Major indices in the United States and elsewhere dipped lower as U.S. economic growth came in below expectations. The Commerce Department reported gross domestic product (GDP) grew by 0.2 percent annualized during the first quarter. Growth was hindered by the strength of the U.S. dollar, which made exports less attractive, and cold winter weather. U.S. market performance also reflected last week’s earnings news for technology stocks which wasn’t quite as rosy as the previous week’s.
Markets across much of Asia lost value last week, too. China was a notable exception. The Shanghai Composite gained more than 1 percent during the period. It was a truly remarkable performance as China is in the midst of its worst earnings season since the global financial crisis. Bloomberg reported:
“…2014 profits missed estimates by the most in six years and analysts cut their outlooks at the fastest pace since 2009…Yet, it’s mainland individuals who account for at least 80 percent of trades, and they’re still buying shares at a record pace in anticipation of further government stimulus. That helps explain why the highest price-to-earnings ratios in five years have failed to slow the Shanghai Composite’s advance.”
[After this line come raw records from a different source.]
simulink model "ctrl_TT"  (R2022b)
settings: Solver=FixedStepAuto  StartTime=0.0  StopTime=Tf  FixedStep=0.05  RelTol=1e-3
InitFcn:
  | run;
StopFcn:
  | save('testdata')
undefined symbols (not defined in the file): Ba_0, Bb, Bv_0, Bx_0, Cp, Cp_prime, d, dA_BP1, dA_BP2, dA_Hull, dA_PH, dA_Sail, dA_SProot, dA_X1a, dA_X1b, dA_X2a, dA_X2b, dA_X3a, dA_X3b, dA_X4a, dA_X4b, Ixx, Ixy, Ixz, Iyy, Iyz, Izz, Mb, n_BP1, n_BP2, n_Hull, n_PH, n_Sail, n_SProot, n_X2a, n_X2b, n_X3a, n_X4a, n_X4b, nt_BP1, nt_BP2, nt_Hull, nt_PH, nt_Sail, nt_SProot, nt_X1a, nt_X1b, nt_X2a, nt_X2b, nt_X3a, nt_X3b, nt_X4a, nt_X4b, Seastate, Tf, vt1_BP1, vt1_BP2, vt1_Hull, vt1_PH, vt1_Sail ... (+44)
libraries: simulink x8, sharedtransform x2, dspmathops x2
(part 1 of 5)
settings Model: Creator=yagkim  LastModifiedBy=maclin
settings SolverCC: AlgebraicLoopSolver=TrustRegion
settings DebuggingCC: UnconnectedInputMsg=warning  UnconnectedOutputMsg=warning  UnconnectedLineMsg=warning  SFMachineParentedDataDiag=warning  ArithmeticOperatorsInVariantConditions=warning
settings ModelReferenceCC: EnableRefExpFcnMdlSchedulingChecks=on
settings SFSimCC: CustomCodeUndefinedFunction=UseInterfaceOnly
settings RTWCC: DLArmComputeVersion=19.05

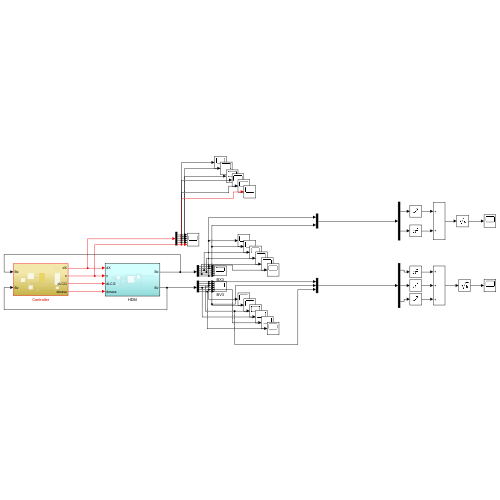
[thumbnail: Simulink's stored preview of the top-level diagram]
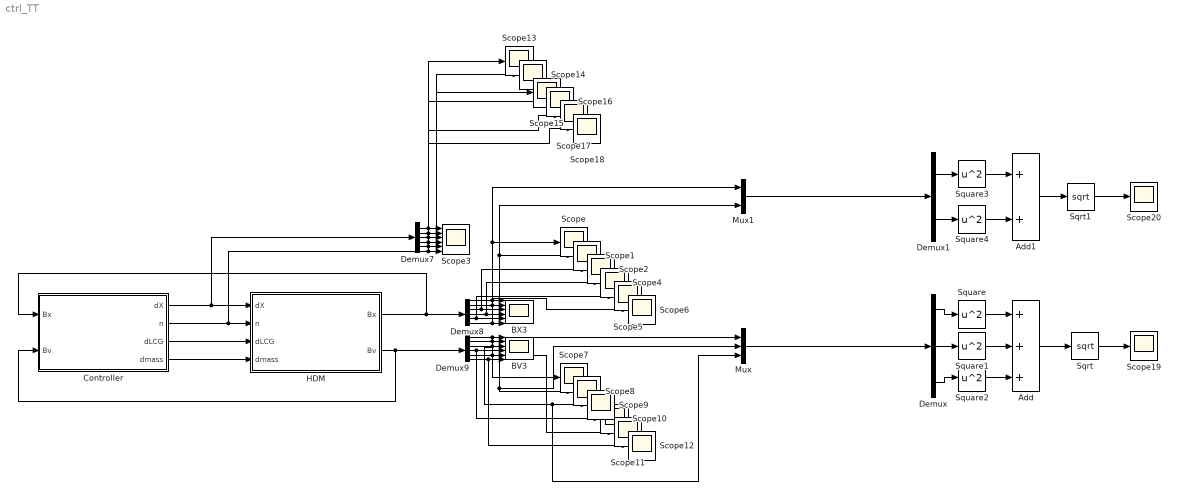
== system ctrl_TT ==
  Add : Sum  Inputs=+++
  Add1 : Sum
  BV3 : Scope  NumInputPorts=6
  BX3 : Scope  NumInputPorts=6
  Controller : Subsystem
  Demux : Demux  Outputs=3
  Demux1 : Demux  Outputs=2
  Demux7 : Demux  Outputs=5
  Demux8 : Demux  Outputs=6
  Demux9 : Demux  Outputs=6
  HDM : Subsystem
  Mux : Mux  Inputs=3
  Mux1 : Mux  Inputs=2
  Scope{,1..2,4..20} (20 alike) : Scope
  Scope3 : Scope  NumInputPorts=6
  Sqrt : Sqrt
  Sqrt1 : Sqrt
  Square{,1..4} (5 alike) : Math  Operator=square
  wires:
  Demux7/1 -> Scope13/1, Scope3/1
  Demux7/5 -> Scope17/1, Scope3/5
  Demux7/4 -> Scope16/1, Scope3/4
  Demux7/3 -> Scope15/1, Scope3/3
  Demux7/2 -> Scope14/1, Scope3/2
  Controller/4(dmass) -> HDM/4(dmass)
  Controller/3(dLCG) -> HDM/3(dLCG)
  Controller/1(dX) -> HDM/1(dX), Demux7/1
  Controller/2(n) -> HDM/2(n), Scope18/1, Scope3/6
  Demux8/1 -> Scope/1, Mux1/1, BX3/1
  Demux8/2 -> Scope1/1, Mux1/2, BX3/2
  Demux9/3 -> Mux/3, Scope9/1, BV3/3
  Demux8/3 -> BX3/3, Scope2/1
  Demux9/1 -> Mux/1, BV3/1, Scope7/1
  Demux8/4 -> BX3/4, Scope4/1
  Demux9/5 -> Scope11/1, BV3/5
  Demux8/6 -> Scope6/1, BX3/6
  Demux9/2 -> Mux/2, Scope8/1, BV3/2
  Demux8/5 -> BX3/5, Scope5/1
  Demux9/6 -> Scope12/1, BV3/6
  HDM/2(Bv) -> Controller/2(Bv), Demux9/1
  Demux9/4 -> BV3/4, Scope10/1
  HDM/1(Bx) -> Demux8/1, Controller/1(Bx)
  Add/1 -> Sqrt/1
  Square/1 -> Add/1
  Demux/1 -> Square/1
  Demux/3 -> Square2/1
  Sqrt/1 -> Scope19/1
  Square1/1 -> Add/2
  Square2/1 -> Add/3
  Demux/2 -> Square1/1
  Mux/1 -> Demux/1
  Square4/1 -> Add1/2
  Mux1/1 -> Demux1/1
  Sqrt1/1 -> Scope20/1
  Demux1/2 -> Square4/1
  Add1/1 -> Sqrt1/1
  Demux1/1 -> Square3/1
  Square3/1 -> Add1/1

== system ctrl_TT/Controller ==
  Bx : Inport
  Bv : Inport  Port=2
  Clock : Clock
  Constant : Constant  Value=[-1 0 0 0 0 0; 0 -1 0 0 0 0; 0 0 1 0 0 0; 0 0 0 1 0 0; 0 0 0 0 1 0; 0 0 0 0 0 1]
  Constant1 : Constant  Value=0
  Constant2 : Constant  Value=[-1 0 0 0 0 0; 0 -1 0 0 0 0; 0 0 1 0 0 0; 0 0 0 1 0 0; 0 0 0 0 1 0; 0 0 0 0 0 1]
  FF velocity ctrl : MATLAB Function  TreatAsAtomicUnit=on
  MATLAB Function2 : MATLAB Function  TreatAsAtomicUnit=on
  Marin PID : MATLAB Function  TreatAsAtomicUnit=on
  Matrix Multiply : Product  Multiplication=Matrix(*)
  Matrix Multiply1 : Product  Multiplication=Matrix(*)
  Scope : Scope
  Scope1 : Scope
  Selector1 : Selector  InputPortWidth=6  IndexOptions=Index vector (dialog)  Indices=[1 2 3]  OutputSizes=1
  Subsystem1 : Subsystem
  dX : Outport
  n : Outport  Port=2
  dLCG : Outport  Port=3
  dmass : Outport  Port=4
  wires:
  Subsystem1/1(z_d) -> Marin PID/1(z_ref)
  FF velocity ctrl/1(n) -> n/1
  Subsystem1/3(v) -> FF velocity ctrl/1(v_ref), Scope/1
  Marin PID/1(dX) -> dX/1
  Constant1/1 -> dLCG/1, dmass/1
  MATLAB Function2/1(pd) -> Scope1/1, Subsystem1/1(pd(t))
  MATLAB Function2/2(pdp) -> Subsystem1/2(pd(t)')
  Subsystem1/2(psi_d) -> Marin PID/2(psi_ref)
  Bx/1 -> Matrix Multiply/2
  Selector1/1 -> Subsystem1/3(p)
  Clock/1 -> MATLAB Function2/1(time)
  Matrix Multiply/1 -> Selector1/1, Marin PID/4(Bx)
  Constant/1 -> Matrix Multiply/1
  Bv/1 -> Matrix Multiply1/2
  Matrix Multiply1/1 -> Marin PID/3(Bv)
  Constant2/1 -> Matrix Multiply1/1

== system ctrl_TT/HDM ==
  dX : Inport
  n : Inport  Port=2
  dLCG : Inport  Port=3
  dmass : Inport  Port=4
  Constant1 : Constant  Value=Seastate
  HDM B3 : Subsystem  InitFcn='main'
  Integration and Coord. Transfrom : Subsystem
  Scope : Scope
  Scope1 : Scope
  actuator saturation : Subsystem
  Bx : Outport
  Bv : Outport  Port=2
  wires:
  actuator saturation/4(dmass (kg)) -> HDM B3/4(dmass), Scope1/1
  actuator saturation/3(dLCG (m)) -> HDM B3/3(dLCG)
  actuator saturation/2(n) -> HDM B3/2(n)
  actuator saturation/1(dX) -> HDM B3/1(dX CTRL)
  dmass/1 -> actuator saturation/4(dmass), Scope/1
  dLCG/1 -> actuator saturation/3(dLCG)
  n/1 -> actuator saturation/2("n ")
  dX/1 -> actuator saturation/1("dX ")
  Constant1/1 -> HDM B3/8(SeaState)
  HDM B3/1(F_hyd) -> Integration and Coord. Transfrom/2(F_hyd)
  Integration and Coord. Transfrom/3(Ba) -> HDM B3/7(Ba)
  Integration and Coord. Transfrom/1("Bx ") -> Bx/1, HDM B3/5(Bx), Integration and Coord. Transfrom/1(Bx)
  Integration and Coord. Transfrom/2(Bv) -> Bv/1, HDM B3/6(Bv)

== system ctrl_TT/Controller/Subsystem1 ==
  pd(t) : Inport
  pd(t)' : Inport  Port=2
  p : Inport  Port=3
  1,1 : Selector  NumberOfDimensions=2  InputPortWidth=3  IndexOptions=Index vector (dialog),Index vector (dialog)  Indices=1,1  OutputSizes=1,1
  2,1 : Selector  NumberOfDimensions=2  InputPortWidth=3  IndexOptions=Index vector (dialog),Index vector (dialog)  Indices=2,1  OutputSizes=1,1
  Add1 : Sum
  Demux3 : Demux  Outputs=3
  Derivative : Derivative
  Direction Cosine Matrix to Rotation Angles : sharedtransform/Direction Cosine Matrix to Rotation Angles  rotationOrder=ZYX  aMode=aMode  action=None  tolerance=eps(2)
      settings: LibrarySourceBlock=|
      | aerolibtransform2/Direction Cosine Matrix
      | to Rotation Angles
  Display{,1..7} (8 alike) : Display
  Dot Product1 : DotProduct  OutDataTypeStr=Inherit: Inherit via internal rule
  Gain : Gain  Gain=-1
  Gain1 : Gain  Gain=0.1
  MATLAB Function : MATLAB Function  TreatAsAtomicUnit=on
  Matrix Multiply1 : Product  Multiplication=Matrix(*)
  Mux1 : Mux  Inputs=2
  Scope : Scope
  Scope1 : Scope
  Selector : Selector  InputPortWidth=3  IndexOptions=Index vector (dialog)  Indices=[1 2]  OutputSizes=1
  Selector1 : Selector  InputPortWidth=3  IndexOptions=Index vector (dialog)  Indices=[1 2]  OutputSizes=1
  Subsystem1 : Subsystem
  Subsystem2 : Subsystem
  Subsystem3 : Subsystem
  Sum : Sum  Inputs=|+-
  Terminator3 : Terminator
  Terminator4 : Terminator
  z_d : Outport
  psi_d : Outport  Port=2
  v : Outport  Port=3
  wires:
  pd(t)'/1 -> Subsystem2/2(pd(y)'), Subsystem1/1(pd(t)'), Selector1/1
  pd(t)/1 -> Derivative/1, Sum/1, Subsystem2/1(pd(y))
  p/1 -> Sum/2, Subsystem2/3(p)
  Subsystem2/1(RTI) -> Matrix Multiply1/1, Display4/1
  2,1/1 -> Mux1/2
  1,1/1 -> Mux1/1
  Subsystem2/3(zd) -> z_d/1
  Gain/1 -> Display/1, psi_d/1
  Subsystem2/2(RWT) -> Matrix Multiply1/2
  Sum/1 -> Display6/1, Scope/1, Selector/1
  Derivative/1 -> Subsystem3/1(In1)
  Subsystem3/1(Out1) -> Scope1/1
  Gain1/1 -> Add1/1
  Add1/1 -> Dot Product1/1
  Mux1/1 -> Dot Product1/2
  Dot Product1/1 -> Display3/1, v/1
  Selector/1 -> Display5/1, Gain1/1
  Selector1/1 -> Add1/2
  Subsystem1/1(Out1) -> Display2/1
  Direction Cosine Matrix to Rotation Angles/1 -> Demux3/1
  Matrix Multiply1/1 -> MATLAB Function/1(u), Display7/1, 2,1/1, 1,1/1
  MATLAB Function/1(y) -> Display1/1, Direction Cosine Matrix to Rotation Angles/1
  Demux3/2 -> Terminator3/1
  Demux3/3 -> Terminator4/1
  Demux3/1 -> Gain/1

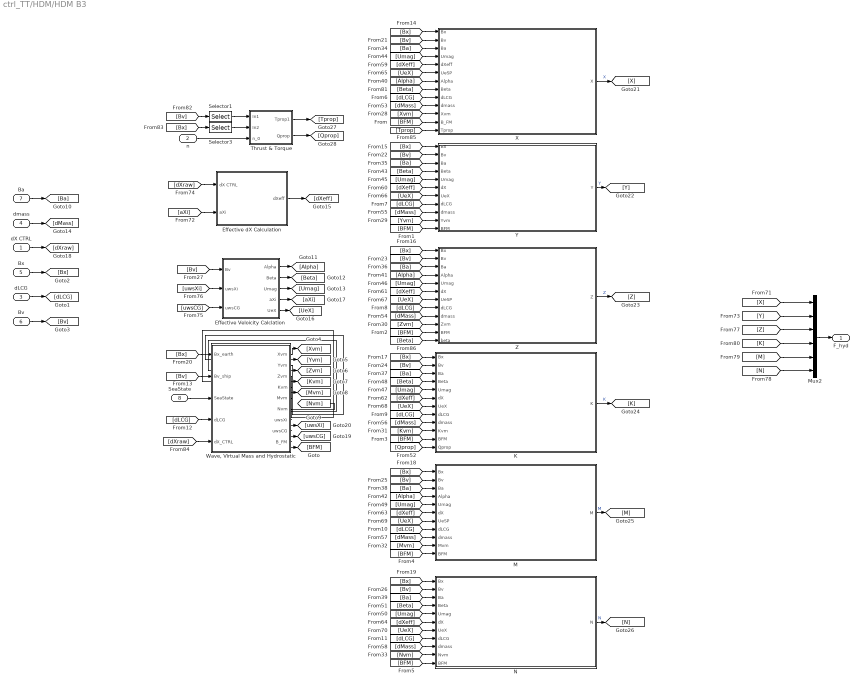
== system ctrl_TT/HDM/HDM B3 ==
  dX CTRL : Inport
  n : Inport  Port=2
  dLCG : Inport  Port=3
  dmass : Inport  Port=4
  Bx : Inport  Port=5
  Bv : Inport  Port=6
  Ba : Inport  Port=7
  SeaState : Inport  Port=8
  Effective Veloicity Calclation : Subsystem
  Effective dX Calculation : Subsystem
  K : Subsystem
  M : Subsystem
  Mux2 : Mux  Inputs=6
  N : Subsystem
  Selector1 : Selector  InputPortWidth=6  IndexOptions=Index vector (dialog)  Indices=1  OutputSizes=1
  Selector3 : Selector  InputPortWidth=6  IndexOptions=Index vector (dialog)  Indices=3  OutputSizes=1
  Thrust & Torque : Subsystem
  "Wave, Virtual Mass and Hydrostatic" : Subsystem
  X : Subsystem
  Y : Subsystem
  Z : Subsystem
  F_hyd : Outport  VectorParamsAs1DForOutWhenUnconnected=off
  wires:
  Z/1(Z) -> [Z]  "Z"
  [Beta] -> Z/12(beta)
  Thrust & Torque/2(Qprop) -> [Qprop]
  [Tprop] -> X/13(Tprop)
  Thrust & Torque/1(Tprop1) -> [Tprop]
  [Bx] -> Selector3/1
  Selector3/1 -> Thrust & Torque/2(In2)
  Selector1/1 -> Thrust & Torque/1(In1)
  [Bv] -> Selector1/1
  [Qprop] -> K/12(Qprop)
  [N] -> Mux2/6
  [M] -> Mux2/5
  [K] -> Mux2/4
  [Z] -> Mux2/3
  [Y] -> Mux2/2
  [X] -> Mux2/1
  [dXraw] -> "Wave, Virtual Mass and Hydrostatic"/5(dX_CTRL)
  [Beta] -> X/8(Beta)
  N/1(N) -> [N]  "N"
  M/1(M) -> [M]  "M"
  K/1(K) -> [K]  "K"
  Y/1(Y) -> [Y]  "Y"
  X/1(X) -> [X]  "X"
  [uwsXi] -> Effective Veloicity Calclation/2(uwsXi)
  "Wave, Virtual Mass and Hydrostatic"/7(uwsXi) -> [uwsXi]
  [uwsCG] -> Effective Veloicity Calclation/3(uwsCG)
  "Wave, Virtual Mass and Hydrostatic"/8(uwsCG) -> [uwsCG]
  [dXraw] -> Effective dX Calculation/1(dX CTRL)
  dX CTRL/1 -> [dXraw]
  [aXi] -> Effective dX Calculation/2(aXi)
  Effective Veloicity Calclation/4(aXi) -> [aXi]
  [UeX] -> N/7(UeX)
  [UeX] -> M/7(UeSP)
  [UeX] -> K/7(UeX)
  [UeX] -> Z/7(UeSP)
  [UeX] -> Y/7(UeX)
  [UeX] -> X/6(UeSP)
  Effective Veloicity Calclation/5(UeX) -> [UeX]
  [dXeff] -> N/6(dX)
  [dXeff] -> M/6(dX)
  [dXeff] -> K/6(dX)
  [dXeff] -> Z/6(dX)
  [dXeff] -> Y/6(dX)
  [dXeff] -> X/5(dXeff)
  [dMass] -> N/9(dmass)
  [dMass] -> M/9(dmass)
  [dMass] -> K/9(dmass)
  [dMass] -> Y/9(dmass)
  [dMass] -> Z/9(dmass)
  [dMass] -> X/10(dmass)
  dmass/1 -> [dMass]
  [Beta] -> N/4(Beta)
  [Umag] -> N/5(Umag)
  [Umag] -> M/5(Umag)
  [Beta] -> K/4(Beta)
  [Umag] -> K/5(Umag)
  [Umag] -> Z/5(Umag)
  [Umag] -> Y/5(Umag)
  [Umag] -> X/4(Umag)
  Effective Veloicity Calclation/3(Umag) -> [Umag]
  [Beta] -> Y/4(Beta)
  Effective Veloicity Calclation/2(Beta) -> [Beta]
  [Alpha] -> M/4(Alpha)
  [Alpha] -> Z/4(Alpha)
  [Alpha] -> X/7(Alpha)
  Effective Veloicity Calclation/1(Alpha) -> [Alpha]
  [Ba] -> N/3(Ba)
  [Ba] -> M/3(Ba)
  [Ba] -> K/3(Ba)
  [Ba] -> Z/3(Ba)
  [Ba] -> Y/3(Ba)
  [Ba] -> X/3(Ba)
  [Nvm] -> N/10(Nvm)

China’s economic growth has also slowed. During the first quarter, its GDP grew by 7 percent. That’s a much better showing than the United States but not so great when benchmarked against previous growth in China. In fact, it was China’s slowest growth since 2009.
The Economist commented, “…the question for China is not whether growth will rebound to anything like the double-digit pace of the past. Instead, it is whether its slowdown will be a gradual descent – a little bumpy at times but free from crisis – or a sudden, dangerous lurch lower.”